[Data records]
=== Section Start ===

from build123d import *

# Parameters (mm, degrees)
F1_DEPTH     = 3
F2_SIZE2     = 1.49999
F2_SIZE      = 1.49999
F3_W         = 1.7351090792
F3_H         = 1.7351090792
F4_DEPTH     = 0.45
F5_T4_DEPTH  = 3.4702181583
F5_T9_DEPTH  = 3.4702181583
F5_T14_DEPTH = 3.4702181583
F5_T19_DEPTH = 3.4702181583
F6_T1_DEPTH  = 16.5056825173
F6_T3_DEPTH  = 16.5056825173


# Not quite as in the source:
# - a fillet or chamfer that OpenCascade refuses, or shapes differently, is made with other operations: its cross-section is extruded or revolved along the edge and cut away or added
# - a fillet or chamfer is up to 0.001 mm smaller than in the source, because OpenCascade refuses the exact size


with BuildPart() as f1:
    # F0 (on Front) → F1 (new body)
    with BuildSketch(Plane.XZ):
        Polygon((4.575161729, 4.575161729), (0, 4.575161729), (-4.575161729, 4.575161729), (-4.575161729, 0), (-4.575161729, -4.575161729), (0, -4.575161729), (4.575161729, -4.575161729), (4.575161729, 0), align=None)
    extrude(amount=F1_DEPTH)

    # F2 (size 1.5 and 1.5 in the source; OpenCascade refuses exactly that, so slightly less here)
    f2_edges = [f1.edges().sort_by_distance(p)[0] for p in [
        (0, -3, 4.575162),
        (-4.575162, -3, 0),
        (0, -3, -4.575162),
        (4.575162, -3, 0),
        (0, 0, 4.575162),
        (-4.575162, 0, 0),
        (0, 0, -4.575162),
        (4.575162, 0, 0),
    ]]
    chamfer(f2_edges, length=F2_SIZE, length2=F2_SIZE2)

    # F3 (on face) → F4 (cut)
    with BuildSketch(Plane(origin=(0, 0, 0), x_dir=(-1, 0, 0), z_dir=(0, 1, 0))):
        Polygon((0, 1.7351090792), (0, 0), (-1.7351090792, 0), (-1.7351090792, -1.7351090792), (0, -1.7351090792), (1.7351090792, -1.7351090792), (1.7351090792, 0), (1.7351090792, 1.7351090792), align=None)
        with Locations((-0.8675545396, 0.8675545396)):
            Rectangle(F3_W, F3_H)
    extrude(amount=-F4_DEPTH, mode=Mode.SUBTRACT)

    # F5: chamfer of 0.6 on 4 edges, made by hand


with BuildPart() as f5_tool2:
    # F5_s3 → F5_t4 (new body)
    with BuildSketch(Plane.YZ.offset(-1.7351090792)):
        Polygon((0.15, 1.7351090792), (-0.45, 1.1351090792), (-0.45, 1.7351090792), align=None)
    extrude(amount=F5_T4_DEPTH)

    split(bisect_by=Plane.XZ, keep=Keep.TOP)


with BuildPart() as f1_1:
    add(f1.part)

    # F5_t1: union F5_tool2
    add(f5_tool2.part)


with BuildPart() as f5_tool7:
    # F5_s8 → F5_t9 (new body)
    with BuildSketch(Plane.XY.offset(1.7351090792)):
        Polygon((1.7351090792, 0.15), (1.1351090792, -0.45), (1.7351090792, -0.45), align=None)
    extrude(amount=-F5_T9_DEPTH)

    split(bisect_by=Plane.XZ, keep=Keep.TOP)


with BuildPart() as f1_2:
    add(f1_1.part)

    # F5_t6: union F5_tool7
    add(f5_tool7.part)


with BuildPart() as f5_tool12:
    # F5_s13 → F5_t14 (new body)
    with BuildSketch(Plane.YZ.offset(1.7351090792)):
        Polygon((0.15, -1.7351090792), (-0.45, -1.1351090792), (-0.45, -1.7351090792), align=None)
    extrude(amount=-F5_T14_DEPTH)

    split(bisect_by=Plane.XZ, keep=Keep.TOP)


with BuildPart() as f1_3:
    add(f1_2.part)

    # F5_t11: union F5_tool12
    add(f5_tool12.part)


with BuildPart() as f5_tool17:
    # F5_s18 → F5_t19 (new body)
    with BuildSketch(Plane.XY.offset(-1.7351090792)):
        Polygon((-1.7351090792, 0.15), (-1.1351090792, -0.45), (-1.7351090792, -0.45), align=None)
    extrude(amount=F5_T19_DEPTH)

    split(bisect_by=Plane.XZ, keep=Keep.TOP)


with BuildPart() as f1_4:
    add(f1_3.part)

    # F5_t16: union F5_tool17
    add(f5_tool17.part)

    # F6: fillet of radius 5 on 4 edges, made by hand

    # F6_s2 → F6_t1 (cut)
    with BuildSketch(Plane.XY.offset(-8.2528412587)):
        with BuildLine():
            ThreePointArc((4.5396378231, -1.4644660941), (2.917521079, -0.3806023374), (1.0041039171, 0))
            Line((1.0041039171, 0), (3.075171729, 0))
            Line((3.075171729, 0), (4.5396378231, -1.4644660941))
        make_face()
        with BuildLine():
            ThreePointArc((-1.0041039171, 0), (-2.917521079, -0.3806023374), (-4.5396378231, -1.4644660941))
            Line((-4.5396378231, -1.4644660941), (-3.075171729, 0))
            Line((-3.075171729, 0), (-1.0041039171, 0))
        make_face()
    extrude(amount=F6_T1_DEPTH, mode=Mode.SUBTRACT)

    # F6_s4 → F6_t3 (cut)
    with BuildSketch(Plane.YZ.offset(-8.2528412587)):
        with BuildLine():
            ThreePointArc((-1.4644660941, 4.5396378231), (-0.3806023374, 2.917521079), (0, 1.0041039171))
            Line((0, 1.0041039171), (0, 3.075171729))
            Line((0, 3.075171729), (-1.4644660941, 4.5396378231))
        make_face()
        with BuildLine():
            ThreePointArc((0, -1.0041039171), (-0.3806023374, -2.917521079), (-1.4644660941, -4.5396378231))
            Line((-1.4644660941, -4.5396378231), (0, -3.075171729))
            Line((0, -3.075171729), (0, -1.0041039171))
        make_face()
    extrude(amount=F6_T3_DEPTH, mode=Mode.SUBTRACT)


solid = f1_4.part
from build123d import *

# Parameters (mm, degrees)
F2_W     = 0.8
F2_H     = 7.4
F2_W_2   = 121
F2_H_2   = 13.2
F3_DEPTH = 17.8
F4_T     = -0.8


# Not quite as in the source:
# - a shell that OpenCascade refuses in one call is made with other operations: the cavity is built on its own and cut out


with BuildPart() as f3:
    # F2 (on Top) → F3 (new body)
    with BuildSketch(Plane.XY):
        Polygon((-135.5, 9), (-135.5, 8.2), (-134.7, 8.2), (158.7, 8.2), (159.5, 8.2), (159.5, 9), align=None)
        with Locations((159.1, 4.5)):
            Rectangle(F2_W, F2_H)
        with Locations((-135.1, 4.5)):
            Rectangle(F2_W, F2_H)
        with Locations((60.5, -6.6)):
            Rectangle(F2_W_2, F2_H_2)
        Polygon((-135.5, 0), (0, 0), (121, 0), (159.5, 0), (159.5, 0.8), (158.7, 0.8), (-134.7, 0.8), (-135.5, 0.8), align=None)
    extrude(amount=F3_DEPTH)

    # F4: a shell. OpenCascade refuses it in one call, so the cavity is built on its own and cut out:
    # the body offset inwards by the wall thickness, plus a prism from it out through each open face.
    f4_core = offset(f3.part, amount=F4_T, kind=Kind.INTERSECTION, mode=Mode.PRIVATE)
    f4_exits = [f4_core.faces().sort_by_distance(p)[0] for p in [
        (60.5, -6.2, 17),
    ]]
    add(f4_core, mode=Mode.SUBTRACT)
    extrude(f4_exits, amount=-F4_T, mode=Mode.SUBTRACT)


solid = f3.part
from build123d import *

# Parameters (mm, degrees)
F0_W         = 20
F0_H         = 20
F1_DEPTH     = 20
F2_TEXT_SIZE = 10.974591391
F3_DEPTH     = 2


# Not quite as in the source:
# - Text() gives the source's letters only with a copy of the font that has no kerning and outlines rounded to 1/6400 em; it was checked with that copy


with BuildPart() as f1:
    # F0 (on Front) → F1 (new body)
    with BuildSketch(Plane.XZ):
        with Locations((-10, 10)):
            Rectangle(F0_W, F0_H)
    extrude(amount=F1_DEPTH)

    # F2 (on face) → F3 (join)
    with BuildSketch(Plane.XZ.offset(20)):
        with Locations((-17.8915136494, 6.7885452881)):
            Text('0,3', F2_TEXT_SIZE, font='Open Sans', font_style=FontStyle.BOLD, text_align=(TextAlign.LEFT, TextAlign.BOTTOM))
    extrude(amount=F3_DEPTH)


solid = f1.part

=== Section End ===

Check each line of the records for the word "BuildSketch" and extract those that contain it.

Your solution
    with BuildSketch(Plane.XZ):
    with BuildSketch(Plane(origin=(0, 0, 0), x_dir=(-1, 0, 0), z_dir=(0, 1, 0))):
    with BuildSketch(Plane.YZ.offset(-1.7351090792)):
    with BuildSketch(Plane.XY.offset(1.7351090792)):
    with BuildSketch(Plane.YZ.offset(1.7351090792)):
    with BuildSketch(Plane.XY.offset(-1.7351090792)):
    with BuildSketch(Plane.XY.offset(-8.2528412587)):
    with BuildSketch(Plane.YZ.offset(-8.2528412587)):
    with BuildSketch(Plane.XY):
    with BuildSketch(Plane.XZ):
    with BuildSketch(Plane.XZ.offset(20)):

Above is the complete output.